§ **Exercise**: Filter the material below down to the lines with the word "lineweight" and give those lines.

§ **Extracted information**:
━━━━━━━━━━━━━━━━━━━━

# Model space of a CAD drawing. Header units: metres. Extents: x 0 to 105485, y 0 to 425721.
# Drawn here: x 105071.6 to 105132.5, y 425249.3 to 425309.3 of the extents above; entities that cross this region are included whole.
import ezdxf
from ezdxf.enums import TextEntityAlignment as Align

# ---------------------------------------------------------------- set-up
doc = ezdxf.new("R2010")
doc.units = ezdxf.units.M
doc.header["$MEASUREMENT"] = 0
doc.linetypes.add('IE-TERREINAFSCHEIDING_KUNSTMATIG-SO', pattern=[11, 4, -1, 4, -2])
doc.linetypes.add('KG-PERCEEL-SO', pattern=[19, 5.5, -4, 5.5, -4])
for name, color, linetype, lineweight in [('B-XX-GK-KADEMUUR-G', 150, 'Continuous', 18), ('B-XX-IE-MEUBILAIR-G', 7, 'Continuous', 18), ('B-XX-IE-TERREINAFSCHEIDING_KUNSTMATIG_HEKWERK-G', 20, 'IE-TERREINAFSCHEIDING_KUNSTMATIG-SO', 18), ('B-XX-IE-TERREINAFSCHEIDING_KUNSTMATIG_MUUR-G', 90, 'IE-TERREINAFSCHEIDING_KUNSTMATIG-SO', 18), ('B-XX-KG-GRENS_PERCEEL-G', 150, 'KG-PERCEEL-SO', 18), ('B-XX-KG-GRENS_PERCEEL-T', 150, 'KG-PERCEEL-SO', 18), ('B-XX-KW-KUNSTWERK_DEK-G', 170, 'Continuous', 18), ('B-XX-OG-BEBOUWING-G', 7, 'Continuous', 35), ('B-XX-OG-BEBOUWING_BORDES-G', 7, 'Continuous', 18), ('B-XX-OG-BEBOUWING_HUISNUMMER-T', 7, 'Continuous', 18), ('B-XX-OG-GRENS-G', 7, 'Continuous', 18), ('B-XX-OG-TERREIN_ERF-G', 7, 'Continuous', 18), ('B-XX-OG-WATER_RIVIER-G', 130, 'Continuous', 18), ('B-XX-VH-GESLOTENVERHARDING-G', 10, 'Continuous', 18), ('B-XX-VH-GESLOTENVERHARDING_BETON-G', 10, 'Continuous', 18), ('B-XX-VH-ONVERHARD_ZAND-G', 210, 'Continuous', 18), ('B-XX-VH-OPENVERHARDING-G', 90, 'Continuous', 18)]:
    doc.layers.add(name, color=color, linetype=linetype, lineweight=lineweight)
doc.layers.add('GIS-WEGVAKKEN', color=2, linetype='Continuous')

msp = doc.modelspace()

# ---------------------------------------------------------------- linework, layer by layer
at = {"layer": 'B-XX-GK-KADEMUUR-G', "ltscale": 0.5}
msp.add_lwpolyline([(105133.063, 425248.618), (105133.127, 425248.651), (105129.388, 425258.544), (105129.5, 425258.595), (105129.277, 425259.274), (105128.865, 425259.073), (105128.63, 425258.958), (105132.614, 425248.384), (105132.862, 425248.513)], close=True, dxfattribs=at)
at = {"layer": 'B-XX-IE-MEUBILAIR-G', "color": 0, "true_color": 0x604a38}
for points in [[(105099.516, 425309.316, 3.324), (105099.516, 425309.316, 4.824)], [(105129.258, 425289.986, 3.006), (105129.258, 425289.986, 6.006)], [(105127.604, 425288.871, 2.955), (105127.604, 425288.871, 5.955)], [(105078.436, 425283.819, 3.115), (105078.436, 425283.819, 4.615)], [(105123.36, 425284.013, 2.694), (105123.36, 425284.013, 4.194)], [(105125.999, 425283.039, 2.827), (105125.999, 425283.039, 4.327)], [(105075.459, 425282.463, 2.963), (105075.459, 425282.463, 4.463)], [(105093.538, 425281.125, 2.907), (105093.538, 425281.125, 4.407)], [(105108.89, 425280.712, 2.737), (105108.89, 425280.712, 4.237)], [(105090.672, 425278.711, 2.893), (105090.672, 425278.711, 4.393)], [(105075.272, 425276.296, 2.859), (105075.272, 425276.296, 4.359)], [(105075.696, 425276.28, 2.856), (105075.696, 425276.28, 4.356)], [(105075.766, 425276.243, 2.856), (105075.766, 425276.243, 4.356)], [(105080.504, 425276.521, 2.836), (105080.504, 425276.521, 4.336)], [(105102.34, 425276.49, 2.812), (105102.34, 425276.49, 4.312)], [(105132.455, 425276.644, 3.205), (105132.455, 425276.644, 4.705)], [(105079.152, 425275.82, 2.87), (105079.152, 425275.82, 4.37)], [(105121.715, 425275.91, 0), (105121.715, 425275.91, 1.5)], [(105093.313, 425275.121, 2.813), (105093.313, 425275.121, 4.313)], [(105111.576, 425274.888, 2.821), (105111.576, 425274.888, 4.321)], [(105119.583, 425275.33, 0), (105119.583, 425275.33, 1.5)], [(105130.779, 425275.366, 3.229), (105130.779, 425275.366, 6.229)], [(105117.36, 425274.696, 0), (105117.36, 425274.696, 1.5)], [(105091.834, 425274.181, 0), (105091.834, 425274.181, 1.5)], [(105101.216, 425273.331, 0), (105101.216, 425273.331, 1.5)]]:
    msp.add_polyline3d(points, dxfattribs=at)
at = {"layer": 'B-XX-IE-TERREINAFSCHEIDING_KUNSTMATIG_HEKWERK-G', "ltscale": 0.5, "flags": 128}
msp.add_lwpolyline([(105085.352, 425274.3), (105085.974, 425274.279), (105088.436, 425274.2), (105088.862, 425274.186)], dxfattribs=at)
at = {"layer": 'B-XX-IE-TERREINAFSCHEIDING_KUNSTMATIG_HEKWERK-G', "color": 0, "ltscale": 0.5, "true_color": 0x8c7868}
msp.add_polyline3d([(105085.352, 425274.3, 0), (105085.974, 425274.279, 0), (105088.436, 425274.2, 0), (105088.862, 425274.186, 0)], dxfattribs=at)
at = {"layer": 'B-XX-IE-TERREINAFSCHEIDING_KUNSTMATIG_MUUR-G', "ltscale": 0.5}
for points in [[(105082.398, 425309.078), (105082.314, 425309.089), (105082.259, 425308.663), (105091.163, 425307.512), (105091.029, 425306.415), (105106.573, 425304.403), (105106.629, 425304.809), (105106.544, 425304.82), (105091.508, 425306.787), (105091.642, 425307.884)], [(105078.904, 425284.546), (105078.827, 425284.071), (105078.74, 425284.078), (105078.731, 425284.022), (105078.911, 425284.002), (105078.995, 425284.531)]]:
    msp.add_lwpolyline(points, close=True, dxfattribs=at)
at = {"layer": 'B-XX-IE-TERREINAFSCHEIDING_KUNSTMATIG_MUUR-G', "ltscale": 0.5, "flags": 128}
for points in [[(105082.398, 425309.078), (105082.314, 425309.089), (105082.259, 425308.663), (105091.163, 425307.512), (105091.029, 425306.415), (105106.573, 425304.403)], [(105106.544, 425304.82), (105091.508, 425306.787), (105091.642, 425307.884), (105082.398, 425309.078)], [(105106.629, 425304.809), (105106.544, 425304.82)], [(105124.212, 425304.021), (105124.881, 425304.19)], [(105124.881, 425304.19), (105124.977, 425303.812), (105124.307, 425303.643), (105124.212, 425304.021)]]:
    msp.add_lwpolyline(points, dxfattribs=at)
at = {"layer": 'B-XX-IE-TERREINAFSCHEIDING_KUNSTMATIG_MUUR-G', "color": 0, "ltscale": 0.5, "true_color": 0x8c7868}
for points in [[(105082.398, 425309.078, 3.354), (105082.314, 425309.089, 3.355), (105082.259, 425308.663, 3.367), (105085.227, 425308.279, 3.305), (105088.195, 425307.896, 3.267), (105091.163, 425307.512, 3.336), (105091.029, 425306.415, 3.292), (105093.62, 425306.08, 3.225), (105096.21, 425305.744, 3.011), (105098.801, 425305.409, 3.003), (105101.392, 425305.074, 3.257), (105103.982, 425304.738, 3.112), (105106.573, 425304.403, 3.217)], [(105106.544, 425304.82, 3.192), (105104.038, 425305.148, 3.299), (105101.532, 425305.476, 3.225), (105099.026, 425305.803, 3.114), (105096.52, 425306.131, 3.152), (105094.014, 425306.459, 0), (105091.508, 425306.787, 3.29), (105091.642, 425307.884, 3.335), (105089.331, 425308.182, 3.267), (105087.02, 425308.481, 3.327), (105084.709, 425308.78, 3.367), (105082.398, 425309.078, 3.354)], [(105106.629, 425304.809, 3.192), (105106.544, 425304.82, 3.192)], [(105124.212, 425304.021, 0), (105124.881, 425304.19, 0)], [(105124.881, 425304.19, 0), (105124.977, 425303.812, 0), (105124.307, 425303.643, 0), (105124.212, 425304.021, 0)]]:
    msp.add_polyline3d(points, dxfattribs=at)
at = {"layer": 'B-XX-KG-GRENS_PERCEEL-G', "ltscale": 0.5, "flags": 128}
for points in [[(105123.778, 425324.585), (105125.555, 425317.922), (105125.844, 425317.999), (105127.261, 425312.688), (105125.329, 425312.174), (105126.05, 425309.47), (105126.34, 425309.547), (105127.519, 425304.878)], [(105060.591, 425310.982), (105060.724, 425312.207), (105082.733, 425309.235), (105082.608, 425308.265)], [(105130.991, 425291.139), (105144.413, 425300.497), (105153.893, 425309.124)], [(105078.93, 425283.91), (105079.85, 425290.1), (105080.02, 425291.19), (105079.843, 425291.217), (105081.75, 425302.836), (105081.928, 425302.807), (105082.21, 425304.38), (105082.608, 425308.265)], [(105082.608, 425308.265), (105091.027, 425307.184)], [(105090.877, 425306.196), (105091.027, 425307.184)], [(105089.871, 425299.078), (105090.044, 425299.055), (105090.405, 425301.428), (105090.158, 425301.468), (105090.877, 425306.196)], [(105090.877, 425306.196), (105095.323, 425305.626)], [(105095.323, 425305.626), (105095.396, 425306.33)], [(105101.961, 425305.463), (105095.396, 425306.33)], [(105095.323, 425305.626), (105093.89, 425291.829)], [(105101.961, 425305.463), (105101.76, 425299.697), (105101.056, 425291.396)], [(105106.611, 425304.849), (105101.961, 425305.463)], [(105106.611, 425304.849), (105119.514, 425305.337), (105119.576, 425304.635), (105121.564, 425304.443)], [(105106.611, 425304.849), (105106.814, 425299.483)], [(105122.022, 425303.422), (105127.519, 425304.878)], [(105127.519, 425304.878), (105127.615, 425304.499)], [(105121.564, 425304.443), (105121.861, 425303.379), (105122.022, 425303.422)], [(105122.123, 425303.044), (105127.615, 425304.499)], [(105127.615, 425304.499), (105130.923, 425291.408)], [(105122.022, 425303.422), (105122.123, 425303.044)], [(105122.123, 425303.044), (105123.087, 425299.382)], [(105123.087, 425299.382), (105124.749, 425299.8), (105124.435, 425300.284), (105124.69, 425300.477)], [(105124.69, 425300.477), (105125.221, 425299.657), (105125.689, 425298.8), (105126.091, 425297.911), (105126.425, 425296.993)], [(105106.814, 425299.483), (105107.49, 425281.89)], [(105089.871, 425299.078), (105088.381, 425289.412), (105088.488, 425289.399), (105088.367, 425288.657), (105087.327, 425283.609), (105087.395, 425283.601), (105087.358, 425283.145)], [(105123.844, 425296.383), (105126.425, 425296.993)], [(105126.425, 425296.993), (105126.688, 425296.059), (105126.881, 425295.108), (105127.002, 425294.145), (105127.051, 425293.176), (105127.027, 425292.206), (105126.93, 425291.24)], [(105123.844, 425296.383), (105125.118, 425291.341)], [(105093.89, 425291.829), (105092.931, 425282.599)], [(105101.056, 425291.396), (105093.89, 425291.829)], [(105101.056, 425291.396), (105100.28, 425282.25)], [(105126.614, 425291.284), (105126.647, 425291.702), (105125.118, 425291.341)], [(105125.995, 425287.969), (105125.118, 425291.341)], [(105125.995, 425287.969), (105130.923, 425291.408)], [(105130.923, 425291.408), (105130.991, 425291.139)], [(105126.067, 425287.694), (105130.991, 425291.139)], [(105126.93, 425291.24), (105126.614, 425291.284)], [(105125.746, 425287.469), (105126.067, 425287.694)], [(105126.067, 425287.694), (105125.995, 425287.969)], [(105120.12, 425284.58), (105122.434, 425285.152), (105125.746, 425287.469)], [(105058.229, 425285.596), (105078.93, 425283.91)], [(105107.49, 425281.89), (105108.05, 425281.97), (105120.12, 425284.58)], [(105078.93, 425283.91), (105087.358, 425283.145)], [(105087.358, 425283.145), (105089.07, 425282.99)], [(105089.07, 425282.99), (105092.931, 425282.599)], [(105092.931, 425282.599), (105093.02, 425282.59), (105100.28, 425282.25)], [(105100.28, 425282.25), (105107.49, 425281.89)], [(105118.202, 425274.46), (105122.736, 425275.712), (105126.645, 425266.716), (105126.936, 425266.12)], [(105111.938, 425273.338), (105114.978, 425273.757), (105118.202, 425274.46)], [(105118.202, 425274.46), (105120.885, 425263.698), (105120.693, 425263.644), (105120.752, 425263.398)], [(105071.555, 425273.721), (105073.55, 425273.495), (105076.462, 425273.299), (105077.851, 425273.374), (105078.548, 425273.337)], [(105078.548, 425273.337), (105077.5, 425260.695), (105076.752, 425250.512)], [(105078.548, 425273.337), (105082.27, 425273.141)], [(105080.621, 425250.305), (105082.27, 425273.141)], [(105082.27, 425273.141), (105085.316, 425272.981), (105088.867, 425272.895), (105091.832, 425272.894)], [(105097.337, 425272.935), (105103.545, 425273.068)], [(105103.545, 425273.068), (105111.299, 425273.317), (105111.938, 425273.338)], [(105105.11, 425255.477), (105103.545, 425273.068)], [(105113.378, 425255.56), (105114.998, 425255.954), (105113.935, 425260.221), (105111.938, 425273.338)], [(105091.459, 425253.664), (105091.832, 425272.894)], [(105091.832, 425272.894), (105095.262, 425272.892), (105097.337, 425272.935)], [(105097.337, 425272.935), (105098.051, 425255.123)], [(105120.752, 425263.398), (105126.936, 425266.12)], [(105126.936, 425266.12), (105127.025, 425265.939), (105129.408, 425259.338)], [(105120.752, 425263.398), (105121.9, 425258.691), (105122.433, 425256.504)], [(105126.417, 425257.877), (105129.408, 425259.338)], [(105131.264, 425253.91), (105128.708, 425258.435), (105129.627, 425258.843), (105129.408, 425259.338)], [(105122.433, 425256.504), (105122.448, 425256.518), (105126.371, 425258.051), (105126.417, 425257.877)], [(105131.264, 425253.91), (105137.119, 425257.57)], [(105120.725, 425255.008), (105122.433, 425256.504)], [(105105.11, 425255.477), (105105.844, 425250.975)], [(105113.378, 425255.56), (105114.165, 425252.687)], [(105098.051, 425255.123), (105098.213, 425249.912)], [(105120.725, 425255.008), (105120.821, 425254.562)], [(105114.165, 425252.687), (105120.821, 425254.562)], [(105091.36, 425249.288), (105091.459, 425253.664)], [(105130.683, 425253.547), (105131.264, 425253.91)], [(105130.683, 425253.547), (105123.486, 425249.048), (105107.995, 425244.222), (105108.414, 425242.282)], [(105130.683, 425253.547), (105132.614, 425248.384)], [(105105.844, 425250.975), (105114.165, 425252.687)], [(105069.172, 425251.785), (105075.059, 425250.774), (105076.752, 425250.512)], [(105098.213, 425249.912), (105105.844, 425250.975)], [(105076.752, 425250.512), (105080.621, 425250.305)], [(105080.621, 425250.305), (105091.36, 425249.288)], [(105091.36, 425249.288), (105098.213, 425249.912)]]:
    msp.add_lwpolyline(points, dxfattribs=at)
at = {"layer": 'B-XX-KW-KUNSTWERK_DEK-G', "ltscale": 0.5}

━━━━━━━━━━━━━━━━━━━━

§ **Answer to this exercise**:
for name, color, linetype, lineweight in [('B-XX-GK-KADEMUUR-G', 150, 'Continuous', 18), ('B-XX-IE-MEUBILAIR-G', 7, 'Continuous', 18), ('B-XX-IE-TERREINAFSCHEIDING_KUNSTMATIG_HEKWERK-G', 20, 'IE-TERREINAFSCHEIDING_KUNSTMATIG-SO', 18), ('B-XX-IE-TERREINAFSCHEIDING_KUNSTMATIG_MUUR-G', 90, 'IE-TERREINAFSCHEIDING_KUNSTMATIG-SO', 18), ('B-XX-KG-GRENS_PERCEEL-G', 150, 'KG-PERCEEL-SO', 18), ('B-XX-KG-GRENS_PERCEEL-T', 150, 'KG-PERCEEL-SO', 18), ('B-XX-KW-KUNSTWERK_DEK-G', 170, 'Continuous', 18), ('B-XX-OG-BEBOUWING-G', 7, 'Continuous', 35), ('B-XX-OG-BEBOUWING_BORDES-G', 7, 'Continuous', 18), ('B-XX-OG-BEBOUWING_HUISNUMMER-T', 7, 'Continuous', 18), ('B-XX-OG-GRENS-G', 7, 'Continuous', 18), ('B-XX-OG-TERREIN_ERF-G', 7, 'Continuous', 18), ('B-XX-OG-WATER_RIVIER-G', 130, 'Continuous', 18), ('B-XX-VH-GESLOTENVERHARDING-G', 10, 'Continuous', 18), ('B-XX-VH-GESLOTENVERHARDING_BETON-G', 10, 'Continuous', 18), ('B-XX-VH-ONVERHARD_ZAND-G', 210, 'Continuous', 18), ('B-XX-VH-OPENVERHARDING-G', 90, 'Continuous', 18)]:
    doc.layers.add(name, color=color, linetype=linetype, lineweight=lineweight)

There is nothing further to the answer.